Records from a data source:
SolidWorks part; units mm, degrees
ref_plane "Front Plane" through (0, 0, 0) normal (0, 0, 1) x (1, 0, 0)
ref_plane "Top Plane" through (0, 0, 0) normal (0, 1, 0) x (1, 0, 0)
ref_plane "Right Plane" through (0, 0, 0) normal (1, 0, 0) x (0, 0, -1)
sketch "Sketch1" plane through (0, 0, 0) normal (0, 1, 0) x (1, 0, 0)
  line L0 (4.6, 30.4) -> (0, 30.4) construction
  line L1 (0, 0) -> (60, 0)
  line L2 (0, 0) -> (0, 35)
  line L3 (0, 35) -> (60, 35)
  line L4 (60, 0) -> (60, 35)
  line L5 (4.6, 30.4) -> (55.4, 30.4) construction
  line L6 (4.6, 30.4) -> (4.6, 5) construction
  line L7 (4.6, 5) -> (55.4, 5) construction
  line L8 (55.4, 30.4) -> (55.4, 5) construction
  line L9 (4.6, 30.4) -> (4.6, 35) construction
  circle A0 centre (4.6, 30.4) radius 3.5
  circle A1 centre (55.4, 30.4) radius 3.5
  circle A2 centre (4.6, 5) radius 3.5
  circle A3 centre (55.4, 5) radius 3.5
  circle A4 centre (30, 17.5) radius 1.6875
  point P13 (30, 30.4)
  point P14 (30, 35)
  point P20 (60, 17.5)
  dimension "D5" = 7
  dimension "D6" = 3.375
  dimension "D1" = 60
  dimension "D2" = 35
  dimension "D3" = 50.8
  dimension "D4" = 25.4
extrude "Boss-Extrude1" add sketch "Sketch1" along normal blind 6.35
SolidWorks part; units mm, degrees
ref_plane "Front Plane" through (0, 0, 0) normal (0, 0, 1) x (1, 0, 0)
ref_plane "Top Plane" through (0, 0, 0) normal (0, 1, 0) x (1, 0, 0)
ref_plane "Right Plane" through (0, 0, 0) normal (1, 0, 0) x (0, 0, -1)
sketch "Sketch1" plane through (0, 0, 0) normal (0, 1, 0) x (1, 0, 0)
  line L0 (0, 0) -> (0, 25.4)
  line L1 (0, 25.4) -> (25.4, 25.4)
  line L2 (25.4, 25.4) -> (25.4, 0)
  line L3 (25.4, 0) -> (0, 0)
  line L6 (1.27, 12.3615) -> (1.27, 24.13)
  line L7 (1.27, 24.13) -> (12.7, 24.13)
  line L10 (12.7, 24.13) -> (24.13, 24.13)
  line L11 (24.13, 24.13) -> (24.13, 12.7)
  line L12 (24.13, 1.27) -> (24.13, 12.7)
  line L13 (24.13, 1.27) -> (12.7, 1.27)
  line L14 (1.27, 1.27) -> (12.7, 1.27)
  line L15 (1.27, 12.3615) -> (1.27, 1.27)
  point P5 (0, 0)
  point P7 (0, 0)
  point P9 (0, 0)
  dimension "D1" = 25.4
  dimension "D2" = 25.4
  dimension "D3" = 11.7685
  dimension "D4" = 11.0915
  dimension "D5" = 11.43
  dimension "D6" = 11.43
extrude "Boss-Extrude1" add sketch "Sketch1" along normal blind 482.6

### Work instruction
Which lines of the entries contain "radius"? Count them and write only the number.

### Result of this exercise
5